Task to complete: Set each record down exactly, excluding all images.

Saved data entries:
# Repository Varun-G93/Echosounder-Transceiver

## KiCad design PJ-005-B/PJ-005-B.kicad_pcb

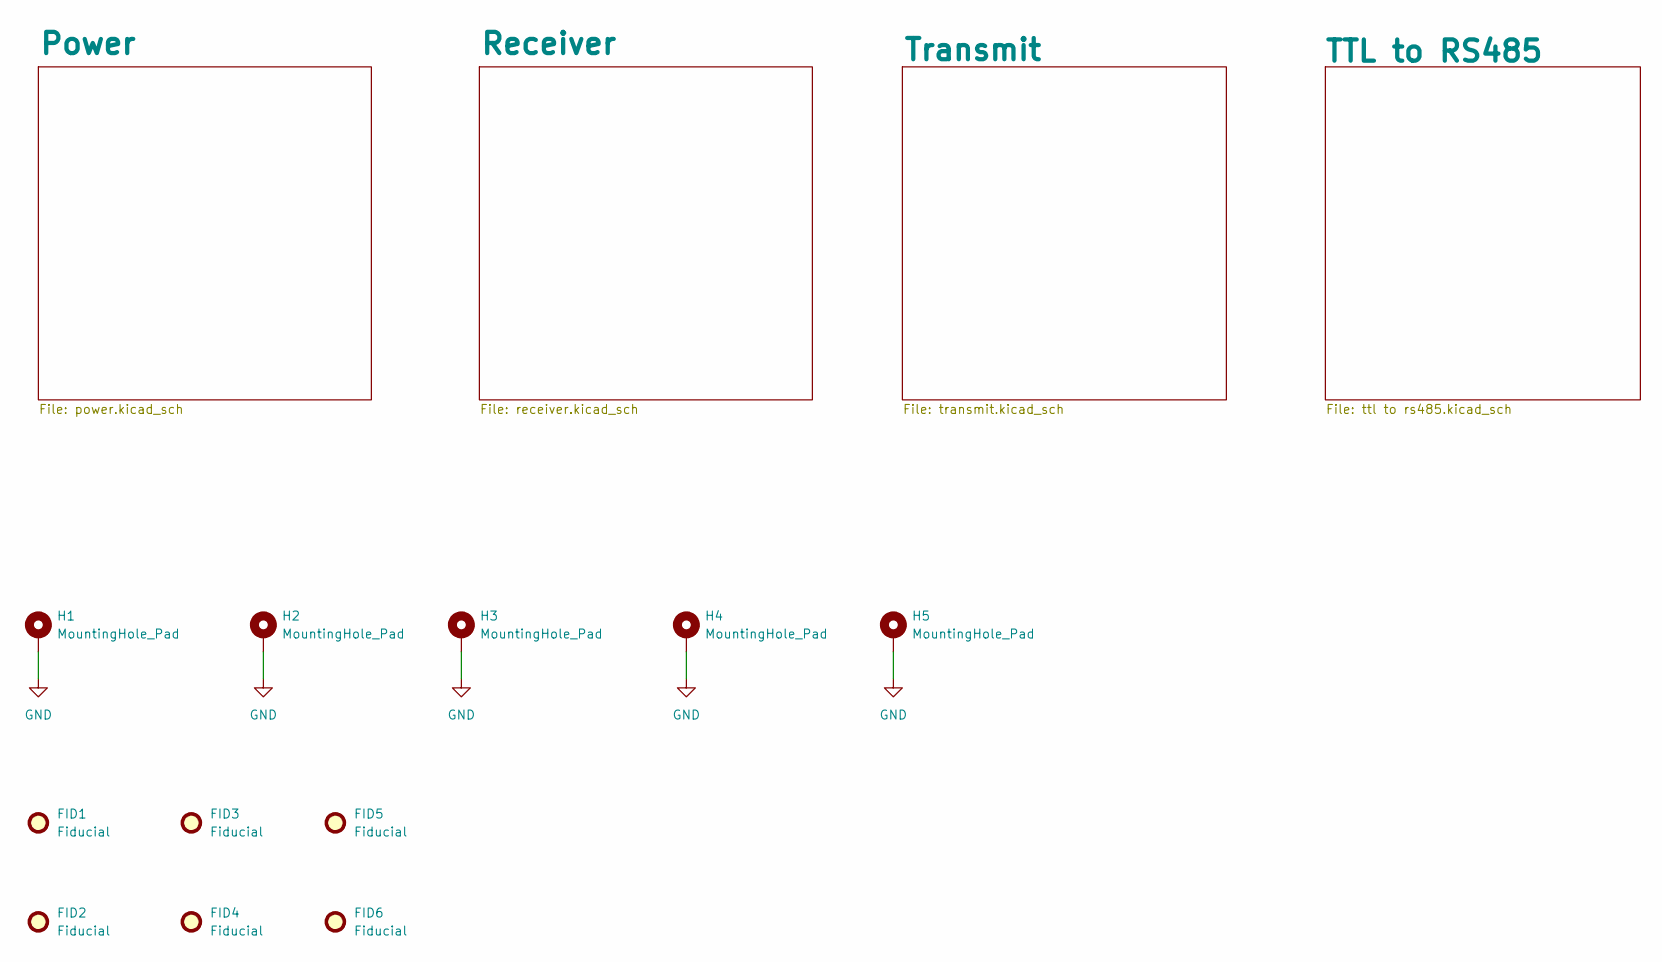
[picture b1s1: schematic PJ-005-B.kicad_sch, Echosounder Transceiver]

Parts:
FID1, FID2, FID3, FID4, FID5, FID6: Fiducial; Fiducial_0.5mm_Mask1mm
H1, H2, H3, H4, H5: MountingHole_Pad; MountingHole_3.2mm_M3_DIN965_Pad

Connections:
GND: H1.1, H2.1, H3.1, H4.1, H5.1; also elsewhere on the board

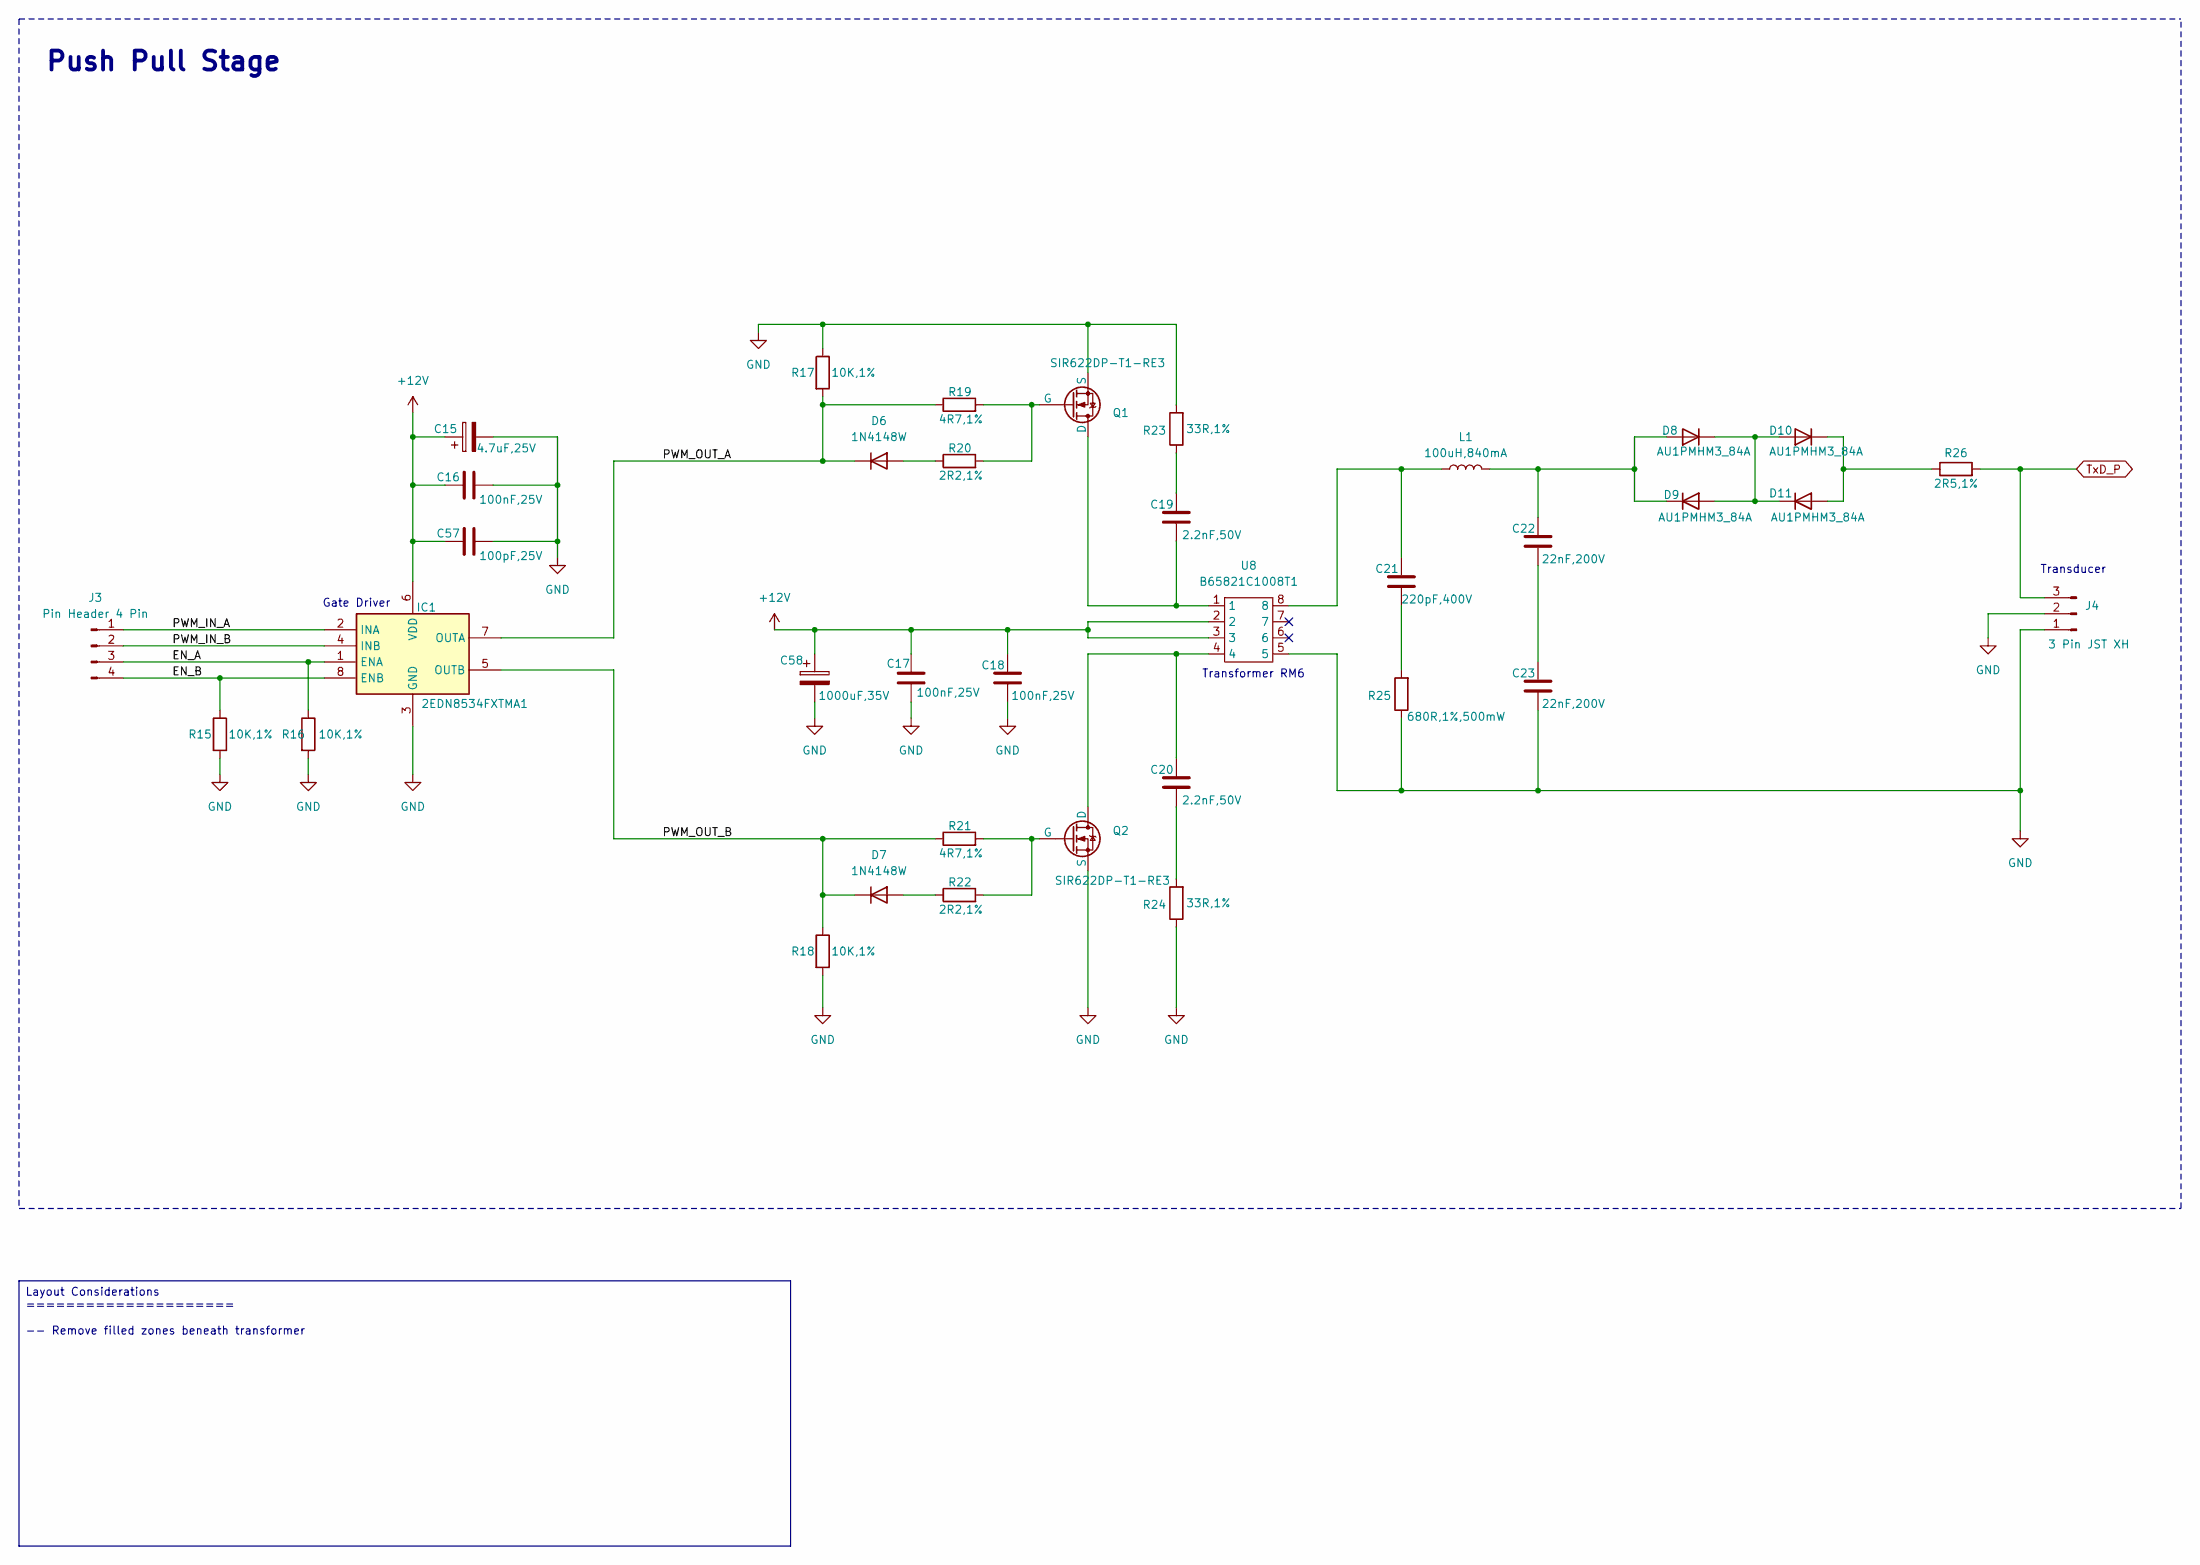
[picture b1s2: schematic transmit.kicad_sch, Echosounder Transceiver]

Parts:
C15: 4.7uF,25V; C1206; ManufacturerPartNumber TAJA475K025RNJ
C16, C17, C18: 100nF,25V; C0603
C19, C20: 2.2nF,50V; C0603
C21: 220pF,400V; C0603
C22, C23: 22nF,200V; C0603
C57: 100pF,25V; C0603
C58: 1000uF,35V; CP_Radial_D8.0mm_P3.50mm; ManufacturerPartNumber EEUFR1C102LJ
D6, D7: 1N4148W; SOD-123; ManufacturerPartNumber 1N4148W
D8, D9, D10, D11: AU1PMHM3_84A; AU1PMHM384A; ManufacturerPartNumber AU1PMHM3_84A
IC1: 2EDN8534FXTMA1; SOIC127P602X173-8N; ManufacturerPartNumber 2EDN8534FXTMA1
J3: Pin Header 4 Pin; PinHeader_1x04_P2.54mm_Vertical
J4: 3 Pin JST XH; JST_XH_B3B-XH-A_1x03_P2.50mm_Vertical
L1: 100uH,840mA; INDPM4040X300N; ManufacturerPartNumber ASPI-4030S-330M-T
Q1, Q2: SIR622DP-T1-RE3; SIR622DPT1RE3; ManufacturerPartNumber SIR622DP-T1-RE3
R15, R16, R17, R18: 10K,1%; R0603
R19, R21: 4R7,1%; R0603
R20, R22: 2R2,1%; R0603
R23, R24: 33R,1%; R0603
R25: 680R,1%,500mW; R0603
R26: 2R5,1%; R0603
U8: B65821C1008T1; RM6; ManufacturerPartNumber B65821C1008T1

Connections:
+12V: C15.1, C16.2, C17.1, C18.1, C57.2, C58.1, IC1.6 (VDD), U8.2, U8.3; also elsewhere on the board
/Transmit/EN_A: IC1.1 (ENA), J3.3, R16.1
/Transmit/EN_B: IC1.8 (ENB), J3.4, R15.1
/Transmit/PWM_IN_A: IC1.2 (INA), J3.1
/Transmit/PWM_IN_B: IC1.4 (INB), J3.2
/Transmit/PWM_OUT_A: D6.1 (K), IC1.7 (OUTA), R17.2, R19.1
/Transmit/PWM_OUT_B: D7.1 (K), IC1.5 (OUTB), R18.1, R21.1
GND: C15.2, C16.1, C17.2, C18.2, C23.2, C57.1, C58.2, IC1.3 (GND), J4.1, J4.2, Q1.2 (S), Q2.2 (S), R15.2, R16.2, R17.1, R18.2, R23.2, R24.1, R25.1, U8.5; also elsewhere on the board
unnamed: C19.1, R23.1
unnamed: C20.2, R24.2
unnamed: C21.1, L1.1, U8.8
unnamed: C21.2, R25.2
unnamed: C22.2, C23.1
unnamed: D6.2 (A), R20.1
unnamed: D7.2 (A), R22.1
unnamed: C22.1, D8.2 (A), D9.1 (K), L1.2
unnamed: D8.1 (K), D9.2 (A), D10.2 (A), D11.1 (K)
unnamed: D10.1 (K), D11.2 (A), R26.1
unnamed: C19.2, Q1.3 (D), U8.1
unnamed: Q1.1 (G), R19.2, R20.2
unnamed: C20.1, Q2.3 (D), U8.4
unnamed: Q2.1 (G), R21.2, R22.2
TxD_P: J4.3, R26.2; also elsewhere on the board

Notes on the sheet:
Transducer
Gate Driver
Push Pull Stage
Transformer RM6
Layout Considerations ===================== -- Remove filled zones beneath transformer

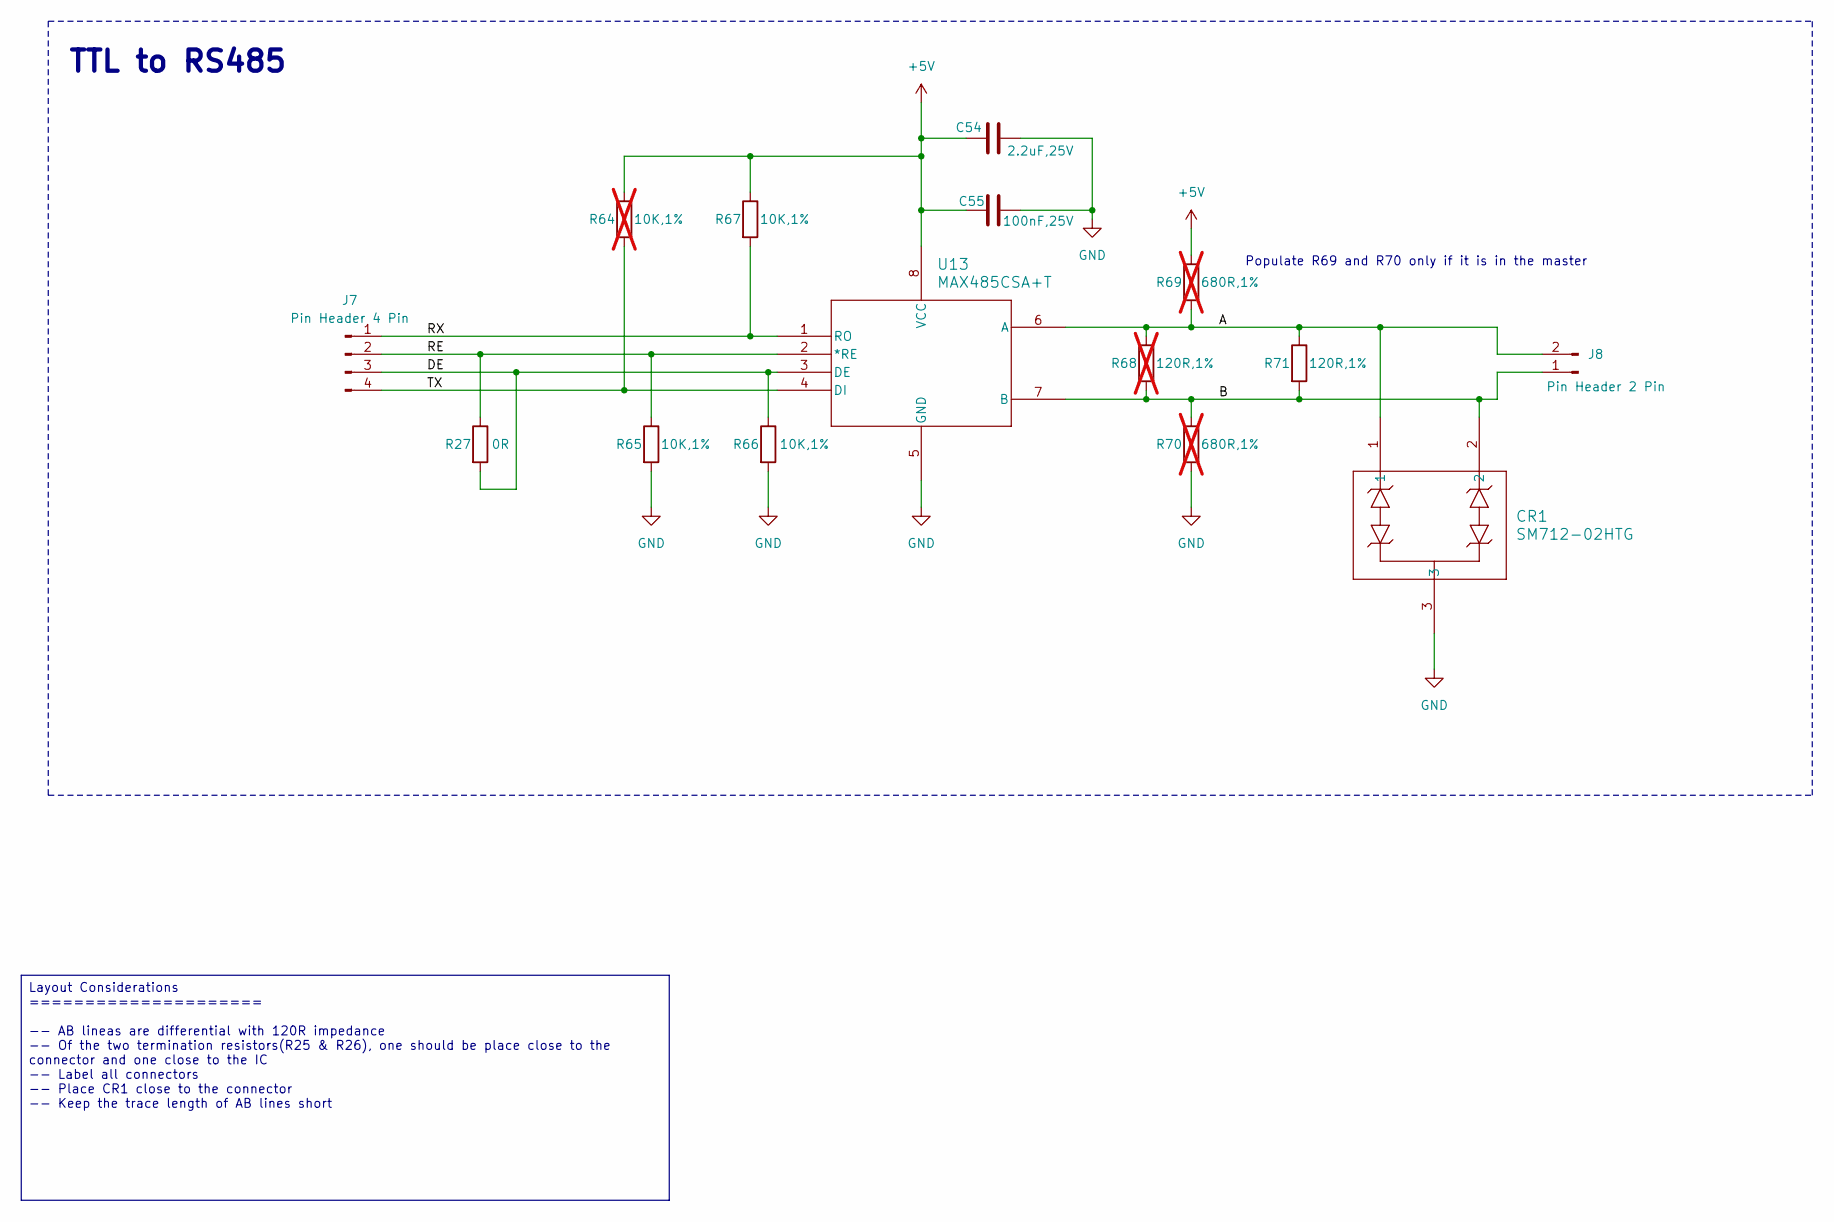
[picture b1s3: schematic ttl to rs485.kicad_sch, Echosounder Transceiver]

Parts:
C54: 2.2uF,25V; C0603
C55: 100nF,25V; C0603
CR1: SM712-02HTG; SOT-23-3; ManufacturerPartNumber SM712-02HTG
J7: Pin Header 4 Pin; PinHeader_1x04_P2.54mm_Vertical
J8: Pin Header 2 Pin; PinHeader_1x02_P2.54mm_Vertical
R27: 0R; R0603
R64: 10K,1%; R0603; not fitted
R65, R66, R67: 10K,1%; R0603
R68: 120R,1%; R0603; not fitted
R69, R70: 680R,1%; R0603; not fitted
R71: 120R,1%; R0603
U13: MAX485CSA+T; SOIC-8-5.3x5.3x1.27; ManufacturerPartNumber MAX485CSA+T

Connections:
+5V: C54.1, C55.1, R64.1, R67.1, R69.1, U13.8 (VCC); also elsewhere on the board
/TTL to RS485/A: CR1.1, J8.2, R68.1, R69.2, R71.1, U13.6 (A)
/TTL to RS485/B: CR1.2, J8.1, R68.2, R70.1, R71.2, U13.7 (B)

Result below:
# Repository Varun-G93/Echosounder-Transceiver

## KiCad design PJ-005-B/PJ-005-B.kicad_pcb

[picture b1s1: schematic PJ-005-B.kicad_sch, Echosounder Transceiver]

Parts:
FID1, FID2, FID3, FID4, FID5, FID6: Fiducial; Fiducial_0.5mm_Mask1mm
H1, H2, H3, H4, H5: MountingHole_Pad; MountingHole_3.2mm_M3_DIN965_Pad

Connections:
GND: H1.1, H2.1, H3.1, H4.1, H5.1; also elsewhere on the board

[picture b1s2: schematic transmit.kicad_sch, Echosounder Transceiver]

Parts:
C15: 4.7uF,25V; C1206; ManufacturerPartNumber TAJA475K025RNJ
C16, C17, C18: 100nF,25V; C0603
C19, C20: 2.2nF,50V; C0603
C21: 220pF,400V; C0603
C22, C23: 22nF,200V; C0603
C57: 100pF,25V; C0603
C58: 1000uF,35V; CP_Radial_D8.0mm_P3.50mm; ManufacturerPartNumber EEUFR1C102LJ
D6, D7: 1N4148W; SOD-123; ManufacturerPartNumber 1N4148W
D8, D9, D10, D11: AU1PMHM3_84A; AU1PMHM384A; ManufacturerPartNumber AU1PMHM3_84A
IC1: 2EDN8534FXTMA1; SOIC127P602X173-8N; ManufacturerPartNumber 2EDN8534FXTMA1
J3: Pin Header 4 Pin; PinHeader_1x04_P2.54mm_Vertical
J4: 3 Pin JST XH; JST_XH_B3B-XH-A_1x03_P2.50mm_Vertical
L1: 100uH,840mA; INDPM4040X300N; ManufacturerPartNumber ASPI-4030S-330M-T
Q1, Q2: SIR622DP-T1-RE3; SIR622DPT1RE3; ManufacturerPartNumber SIR622DP-T1-RE3
R15, R16, R17, R18: 10K,1%; R0603
R19, R21: 4R7,1%; R0603
R20, R22: 2R2,1%; R0603
R23, R24: 33R,1%; R0603
R25: 680R,1%,500mW; R0603
R26: 2R5,1%; R0603
U8: B65821C1008T1; RM6; ManufacturerPartNumber B65821C1008T1

Connections:
+12V: C15.1, C16.2, C17.1, C18.1, C57.2, C58.1, IC1.6 (VDD), U8.2, U8.3; also elsewhere on the board
/Transmit/EN_A: IC1.1 (ENA), J3.3, R16.1
/Transmit/EN_B: IC1.8 (ENB), J3.4, R15.1
/Transmit/PWM_IN_A: IC1.2 (INA), J3.1
/Transmit/PWM_IN_B: IC1.4 (INB), J3.2
/Transmit/PWM_OUT_A: D6.1 (K), IC1.7 (OUTA), R17.2, R19.1
/Transmit/PWM_OUT_B: D7.1 (K), IC1.5 (OUTB), R18.1, R21.1
GND: C15.2, C16.1, C17.2, C18.2, C23.2, C57.1, C58.2, IC1.3 (GND), J4.1, J4.2, Q1.2 (S), Q2.2 (S), R15.2, R16.2, R17.1, R18.2, R23.2, R24.1, R25.1, U8.5; also elsewhere on the board
unnamed: C19.1, R23.1
unnamed: C20.2, R24.2
unnamed: C21.1, L1.1, U8.8
unnamed: C21.2, R25.2
unnamed: C22.2, C23.1
unnamed: D6.2 (A), R20.1
unnamed: D7.2 (A), R22.1
unnamed: C22.1, D8.2 (A), D9.1 (K), L1.2
unnamed: D8.1 (K), D9.2 (A), D10.2 (A), D11.1 (K)
unnamed: D10.1 (K), D11.2 (A), R26.1
unnamed: C19.2, Q1.3 (D), U8.1
unnamed: Q1.1 (G), R19.2, R20.2
unnamed: C20.1, Q2.3 (D), U8.4
unnamed: Q2.1 (G), R21.2, R22.2
TxD_P: J4.3, R26.2; also elsewhere on the board

Notes on the sheet:
Transducer
Gate Driver
Push Pull Stage
Transformer RM6
Layout Considerations ===================== -- Remove filled zones beneath transformer

[picture b1s3: schematic ttl to rs485.kicad_sch, Echosounder Transceiver]

Parts:
C54: 2.2uF,25V; C0603
C55: 100nF,25V; C0603
CR1: SM712-02HTG; SOT-23-3; ManufacturerPartNumber SM712-02HTG
J7: Pin Header 4 Pin; PinHeader_1x04_P2.54mm_Vertical
J8: Pin Header 2 Pin; PinHeader_1x02_P2.54mm_Vertical
R27: 0R; R0603
R64: 10K,1%; R0603; not fitted
R65, R66, R67: 10K,1%; R0603
R68: 120R,1%; R0603; not fitted
R69, R70: 680R,1%; R0603; not fitted
R71: 120R,1%; R0603
U13: MAX485CSA+T; SOIC-8-5.3x5.3x1.27; ManufacturerPartNumber MAX485CSA+T

Connections:
+5V: C54.1, C55.1, R64.1, R67.1, R69.1, U13.8 (VCC); also elsewhere on the board
/TTL to RS485/A: CR1.1, J8.2, R68.1, R69.2, R71.1, U13.6 (A)
/TTL to RS485/B: CR1.2, J8.1, R68.2, R70.1, R71.2, U13.7 (B)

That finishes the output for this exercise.